═════ Provided records

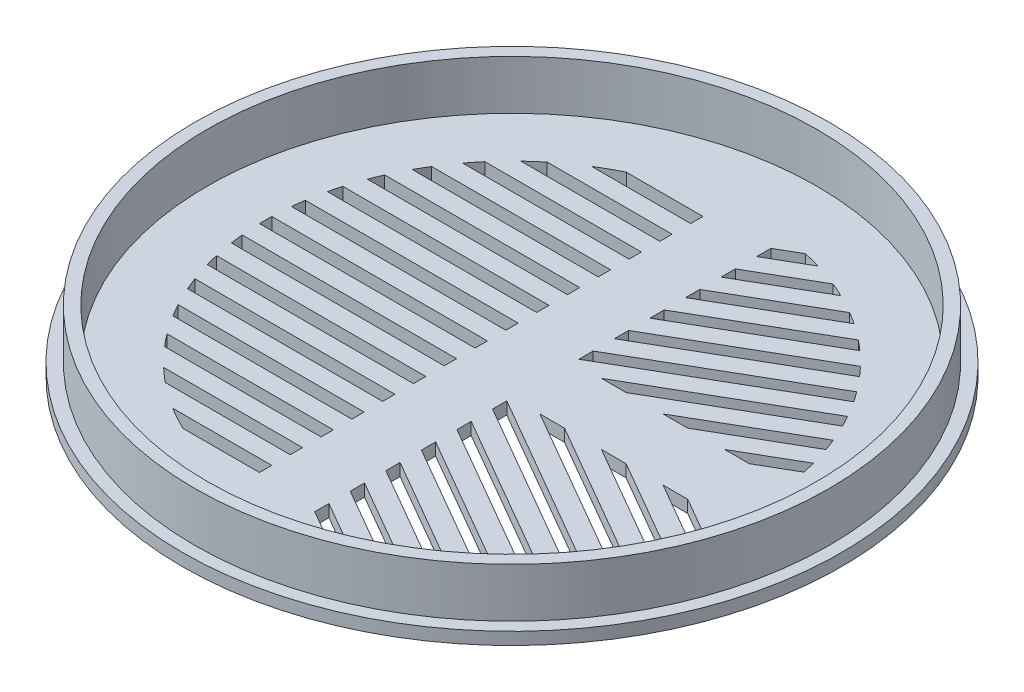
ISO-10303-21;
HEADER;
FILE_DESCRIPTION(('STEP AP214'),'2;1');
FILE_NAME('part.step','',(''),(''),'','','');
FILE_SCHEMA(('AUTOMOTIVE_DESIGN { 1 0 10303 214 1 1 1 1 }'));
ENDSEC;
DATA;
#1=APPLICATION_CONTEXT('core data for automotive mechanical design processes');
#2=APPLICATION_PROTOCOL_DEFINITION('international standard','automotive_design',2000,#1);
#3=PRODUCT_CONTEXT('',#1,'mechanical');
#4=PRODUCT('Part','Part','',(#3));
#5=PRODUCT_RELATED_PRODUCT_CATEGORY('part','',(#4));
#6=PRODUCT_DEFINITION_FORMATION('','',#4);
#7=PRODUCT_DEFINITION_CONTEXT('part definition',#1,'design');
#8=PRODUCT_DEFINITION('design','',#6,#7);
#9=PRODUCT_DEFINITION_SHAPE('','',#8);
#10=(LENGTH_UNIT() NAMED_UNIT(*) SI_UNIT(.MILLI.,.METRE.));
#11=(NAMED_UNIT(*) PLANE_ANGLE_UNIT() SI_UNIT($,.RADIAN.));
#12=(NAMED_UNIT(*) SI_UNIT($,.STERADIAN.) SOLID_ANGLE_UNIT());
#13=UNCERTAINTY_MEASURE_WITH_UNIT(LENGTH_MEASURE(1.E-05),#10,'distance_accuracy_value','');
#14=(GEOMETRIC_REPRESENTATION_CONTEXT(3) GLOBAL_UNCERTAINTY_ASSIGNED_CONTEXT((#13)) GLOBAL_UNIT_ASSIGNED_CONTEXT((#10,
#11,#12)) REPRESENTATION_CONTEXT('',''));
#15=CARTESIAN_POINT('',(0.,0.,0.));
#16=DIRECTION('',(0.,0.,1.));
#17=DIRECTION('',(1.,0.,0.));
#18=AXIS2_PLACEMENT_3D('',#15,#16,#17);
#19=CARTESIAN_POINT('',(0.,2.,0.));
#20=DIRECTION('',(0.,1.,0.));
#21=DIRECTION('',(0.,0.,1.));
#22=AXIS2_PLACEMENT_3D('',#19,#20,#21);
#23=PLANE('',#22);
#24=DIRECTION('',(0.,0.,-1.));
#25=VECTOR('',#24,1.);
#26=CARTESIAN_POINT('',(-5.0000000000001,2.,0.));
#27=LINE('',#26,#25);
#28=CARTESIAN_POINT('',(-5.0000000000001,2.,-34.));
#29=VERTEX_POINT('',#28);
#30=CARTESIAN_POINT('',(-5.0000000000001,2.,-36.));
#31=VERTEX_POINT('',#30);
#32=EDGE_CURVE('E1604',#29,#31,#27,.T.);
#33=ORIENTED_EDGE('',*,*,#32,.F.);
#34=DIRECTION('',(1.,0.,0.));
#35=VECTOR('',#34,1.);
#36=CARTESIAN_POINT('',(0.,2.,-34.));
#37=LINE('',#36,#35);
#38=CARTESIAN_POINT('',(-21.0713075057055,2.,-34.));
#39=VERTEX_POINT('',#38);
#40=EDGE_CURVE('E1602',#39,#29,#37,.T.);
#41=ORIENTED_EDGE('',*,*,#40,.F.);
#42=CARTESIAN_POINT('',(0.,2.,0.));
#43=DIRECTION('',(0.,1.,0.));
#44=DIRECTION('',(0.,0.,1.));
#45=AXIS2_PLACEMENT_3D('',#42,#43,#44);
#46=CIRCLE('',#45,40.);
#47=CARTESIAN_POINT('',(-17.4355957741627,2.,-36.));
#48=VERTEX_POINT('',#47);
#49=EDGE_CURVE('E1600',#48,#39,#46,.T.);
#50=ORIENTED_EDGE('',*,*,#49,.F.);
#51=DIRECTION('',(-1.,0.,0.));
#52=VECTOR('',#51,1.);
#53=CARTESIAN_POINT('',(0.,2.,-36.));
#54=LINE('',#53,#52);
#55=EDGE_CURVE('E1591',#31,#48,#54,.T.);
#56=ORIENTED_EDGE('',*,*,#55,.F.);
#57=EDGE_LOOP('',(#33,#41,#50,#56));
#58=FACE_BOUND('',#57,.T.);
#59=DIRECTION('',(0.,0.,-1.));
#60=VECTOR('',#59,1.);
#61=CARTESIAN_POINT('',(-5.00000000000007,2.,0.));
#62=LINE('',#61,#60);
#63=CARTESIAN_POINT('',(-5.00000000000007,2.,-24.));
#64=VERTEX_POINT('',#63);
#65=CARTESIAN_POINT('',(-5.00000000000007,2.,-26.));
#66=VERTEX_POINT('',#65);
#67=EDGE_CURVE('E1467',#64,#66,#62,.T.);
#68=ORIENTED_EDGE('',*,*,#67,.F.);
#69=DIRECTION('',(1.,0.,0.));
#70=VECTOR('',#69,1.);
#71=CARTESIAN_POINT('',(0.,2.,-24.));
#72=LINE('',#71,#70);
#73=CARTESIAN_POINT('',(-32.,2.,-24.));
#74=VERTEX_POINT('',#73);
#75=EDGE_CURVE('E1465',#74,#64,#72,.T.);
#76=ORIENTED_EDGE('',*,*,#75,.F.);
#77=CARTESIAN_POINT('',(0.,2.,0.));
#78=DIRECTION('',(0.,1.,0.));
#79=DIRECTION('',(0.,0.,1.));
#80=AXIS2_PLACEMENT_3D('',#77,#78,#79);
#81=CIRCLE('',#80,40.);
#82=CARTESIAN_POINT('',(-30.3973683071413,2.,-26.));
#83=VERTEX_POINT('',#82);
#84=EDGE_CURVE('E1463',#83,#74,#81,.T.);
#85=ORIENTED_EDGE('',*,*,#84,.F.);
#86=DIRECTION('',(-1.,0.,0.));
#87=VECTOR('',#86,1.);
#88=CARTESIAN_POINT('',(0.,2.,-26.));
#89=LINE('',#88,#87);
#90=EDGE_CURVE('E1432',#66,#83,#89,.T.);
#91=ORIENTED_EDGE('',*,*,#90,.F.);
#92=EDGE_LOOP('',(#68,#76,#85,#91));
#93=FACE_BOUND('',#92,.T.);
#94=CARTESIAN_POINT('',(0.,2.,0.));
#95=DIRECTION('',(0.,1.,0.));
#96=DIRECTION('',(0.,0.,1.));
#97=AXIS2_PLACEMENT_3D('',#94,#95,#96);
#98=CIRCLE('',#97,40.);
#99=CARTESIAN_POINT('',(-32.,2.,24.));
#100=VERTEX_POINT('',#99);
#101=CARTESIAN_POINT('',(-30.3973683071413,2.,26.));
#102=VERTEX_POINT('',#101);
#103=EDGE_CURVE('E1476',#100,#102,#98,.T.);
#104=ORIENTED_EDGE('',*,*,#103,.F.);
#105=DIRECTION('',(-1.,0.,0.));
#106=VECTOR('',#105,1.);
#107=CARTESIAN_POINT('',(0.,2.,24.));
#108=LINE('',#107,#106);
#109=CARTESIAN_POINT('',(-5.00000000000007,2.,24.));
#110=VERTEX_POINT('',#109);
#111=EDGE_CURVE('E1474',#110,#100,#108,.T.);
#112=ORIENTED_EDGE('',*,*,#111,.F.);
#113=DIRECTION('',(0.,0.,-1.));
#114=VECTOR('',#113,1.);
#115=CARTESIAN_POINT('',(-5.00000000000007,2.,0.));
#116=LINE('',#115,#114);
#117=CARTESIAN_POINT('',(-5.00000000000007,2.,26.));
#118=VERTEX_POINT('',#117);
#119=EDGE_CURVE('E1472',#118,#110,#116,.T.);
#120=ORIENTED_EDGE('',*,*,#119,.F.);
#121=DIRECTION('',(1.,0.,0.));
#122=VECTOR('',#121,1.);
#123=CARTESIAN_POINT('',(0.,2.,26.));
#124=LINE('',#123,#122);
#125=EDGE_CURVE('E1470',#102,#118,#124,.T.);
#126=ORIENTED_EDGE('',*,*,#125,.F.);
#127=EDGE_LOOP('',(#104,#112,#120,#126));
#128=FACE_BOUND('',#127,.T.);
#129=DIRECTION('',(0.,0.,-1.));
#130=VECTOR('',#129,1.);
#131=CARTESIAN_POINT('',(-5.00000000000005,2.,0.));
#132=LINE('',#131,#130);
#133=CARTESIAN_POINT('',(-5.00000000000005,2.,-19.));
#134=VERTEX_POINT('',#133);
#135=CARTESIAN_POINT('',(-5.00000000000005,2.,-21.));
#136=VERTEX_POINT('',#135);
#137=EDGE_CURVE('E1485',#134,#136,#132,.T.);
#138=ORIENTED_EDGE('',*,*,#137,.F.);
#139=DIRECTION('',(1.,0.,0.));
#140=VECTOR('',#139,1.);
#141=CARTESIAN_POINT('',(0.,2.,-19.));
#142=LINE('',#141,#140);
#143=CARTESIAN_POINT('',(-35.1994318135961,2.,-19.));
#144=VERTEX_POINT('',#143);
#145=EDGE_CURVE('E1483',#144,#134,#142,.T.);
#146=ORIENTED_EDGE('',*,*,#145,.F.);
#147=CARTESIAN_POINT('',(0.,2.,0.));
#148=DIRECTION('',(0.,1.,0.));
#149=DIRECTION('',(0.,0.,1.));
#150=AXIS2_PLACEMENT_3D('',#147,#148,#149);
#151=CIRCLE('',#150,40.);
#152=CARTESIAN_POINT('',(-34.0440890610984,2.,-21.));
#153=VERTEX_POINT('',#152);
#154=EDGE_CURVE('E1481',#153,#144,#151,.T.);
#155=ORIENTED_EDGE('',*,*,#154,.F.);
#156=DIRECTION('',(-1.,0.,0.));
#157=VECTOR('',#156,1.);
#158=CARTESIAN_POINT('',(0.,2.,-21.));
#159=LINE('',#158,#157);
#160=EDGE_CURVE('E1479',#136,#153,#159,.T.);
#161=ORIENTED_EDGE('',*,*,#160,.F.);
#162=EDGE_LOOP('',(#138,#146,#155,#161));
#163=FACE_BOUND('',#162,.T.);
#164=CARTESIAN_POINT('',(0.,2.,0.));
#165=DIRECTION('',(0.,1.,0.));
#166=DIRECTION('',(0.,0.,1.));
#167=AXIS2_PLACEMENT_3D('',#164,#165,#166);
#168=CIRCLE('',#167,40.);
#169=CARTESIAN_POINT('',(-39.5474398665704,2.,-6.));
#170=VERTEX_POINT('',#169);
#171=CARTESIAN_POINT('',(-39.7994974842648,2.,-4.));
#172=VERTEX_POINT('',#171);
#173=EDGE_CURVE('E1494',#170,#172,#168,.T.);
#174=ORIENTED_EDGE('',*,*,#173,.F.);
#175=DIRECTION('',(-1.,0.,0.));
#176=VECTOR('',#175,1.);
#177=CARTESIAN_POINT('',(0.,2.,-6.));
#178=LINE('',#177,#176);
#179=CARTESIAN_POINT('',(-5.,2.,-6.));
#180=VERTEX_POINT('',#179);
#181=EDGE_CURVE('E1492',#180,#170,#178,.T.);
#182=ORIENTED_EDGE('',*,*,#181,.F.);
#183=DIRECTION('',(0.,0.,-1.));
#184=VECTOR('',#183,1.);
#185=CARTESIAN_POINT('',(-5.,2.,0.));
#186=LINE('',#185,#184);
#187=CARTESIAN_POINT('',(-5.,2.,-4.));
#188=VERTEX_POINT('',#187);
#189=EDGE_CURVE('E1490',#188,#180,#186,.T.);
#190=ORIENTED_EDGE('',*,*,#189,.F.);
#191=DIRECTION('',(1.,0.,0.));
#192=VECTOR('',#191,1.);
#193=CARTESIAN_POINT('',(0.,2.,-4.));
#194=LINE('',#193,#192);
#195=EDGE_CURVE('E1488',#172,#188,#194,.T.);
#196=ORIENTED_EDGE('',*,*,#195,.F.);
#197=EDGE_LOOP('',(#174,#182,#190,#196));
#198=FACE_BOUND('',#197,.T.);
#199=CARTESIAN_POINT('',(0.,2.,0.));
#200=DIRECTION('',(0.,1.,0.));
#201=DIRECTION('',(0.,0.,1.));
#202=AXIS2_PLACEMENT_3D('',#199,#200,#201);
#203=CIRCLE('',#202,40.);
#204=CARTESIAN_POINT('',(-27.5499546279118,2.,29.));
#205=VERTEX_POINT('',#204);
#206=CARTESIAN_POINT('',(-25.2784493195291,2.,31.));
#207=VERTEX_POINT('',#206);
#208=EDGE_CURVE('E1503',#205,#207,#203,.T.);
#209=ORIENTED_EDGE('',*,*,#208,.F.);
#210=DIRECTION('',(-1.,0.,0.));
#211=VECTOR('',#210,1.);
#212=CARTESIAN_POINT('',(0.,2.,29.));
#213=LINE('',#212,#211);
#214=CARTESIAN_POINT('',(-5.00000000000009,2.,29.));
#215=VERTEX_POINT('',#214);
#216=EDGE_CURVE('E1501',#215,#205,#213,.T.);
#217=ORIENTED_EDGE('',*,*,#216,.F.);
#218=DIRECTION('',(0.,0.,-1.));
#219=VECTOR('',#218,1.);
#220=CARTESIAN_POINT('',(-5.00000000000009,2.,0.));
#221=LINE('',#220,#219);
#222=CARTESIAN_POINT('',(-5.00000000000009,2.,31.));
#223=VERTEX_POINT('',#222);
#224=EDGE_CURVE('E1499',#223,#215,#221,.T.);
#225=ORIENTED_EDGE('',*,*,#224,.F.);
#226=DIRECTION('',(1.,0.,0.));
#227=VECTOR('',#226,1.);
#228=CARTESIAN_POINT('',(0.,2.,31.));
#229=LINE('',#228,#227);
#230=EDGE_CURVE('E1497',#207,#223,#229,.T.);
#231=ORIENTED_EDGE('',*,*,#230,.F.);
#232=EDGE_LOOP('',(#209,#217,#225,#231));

══════════

What is expected | Search the entries for the line holding "#204=CARTESIAN_POINT('',(-27.5499546279118,2.,29.));". Return that line and the ones after it through the last, exactly.

Response |
#204=CARTESIAN_POINT('',(-27.5499546279118,2.,29.));
#205=VERTEX_POINT('',#204);
#206=CARTESIAN_POINT('',(-25.2784493195291,2.,31.));
#207=VERTEX_POINT('',#206);
#208=EDGE_CURVE('E1503',#205,#207,#203,.T.);
#209=ORIENTED_EDGE('',*,*,#208,.F.);
#210=DIRECTION('',(-1.,0.,0.));
#211=VECTOR('',#210,1.);
#212=CARTESIAN_POINT('',(0.,2.,29.));
#213=LINE('',#212,#211);
#214=CARTESIAN_POINT('',(-5.00000000000009,2.,29.));
#215=VERTEX_POINT('',#214);
#216=EDGE_CURVE('E1501',#215,#205,#213,.T.);
#217=ORIENTED_EDGE('',*,*,#216,.F.);
#218=DIRECTION('',(0.,0.,-1.));
#219=VECTOR('',#218,1.);
#220=CARTESIAN_POINT('',(-5.00000000000009,2.,0.));
#221=LINE('',#220,#219);
#222=CARTESIAN_POINT('',(-5.00000000000009,2.,31.));
#223=VERTEX_POINT('',#222);
#224=EDGE_CURVE('E1499',#223,#215,#221,.T.);
#225=ORIENTED_EDGE('',*,*,#224,.F.);
#226=DIRECTION('',(1.,0.,0.));
#227=VECTOR('',#226,1.);
#228=CARTESIAN_POINT('',(0.,2.,31.));
#229=LINE('',#228,#227);
#230=EDGE_CURVE('E1497',#207,#223,#229,.T.);
#231=ORIENTED_EDGE('',*,*,#230,.F.);
#232=EDGE_LOOP('',(#209,#217,#225,#231));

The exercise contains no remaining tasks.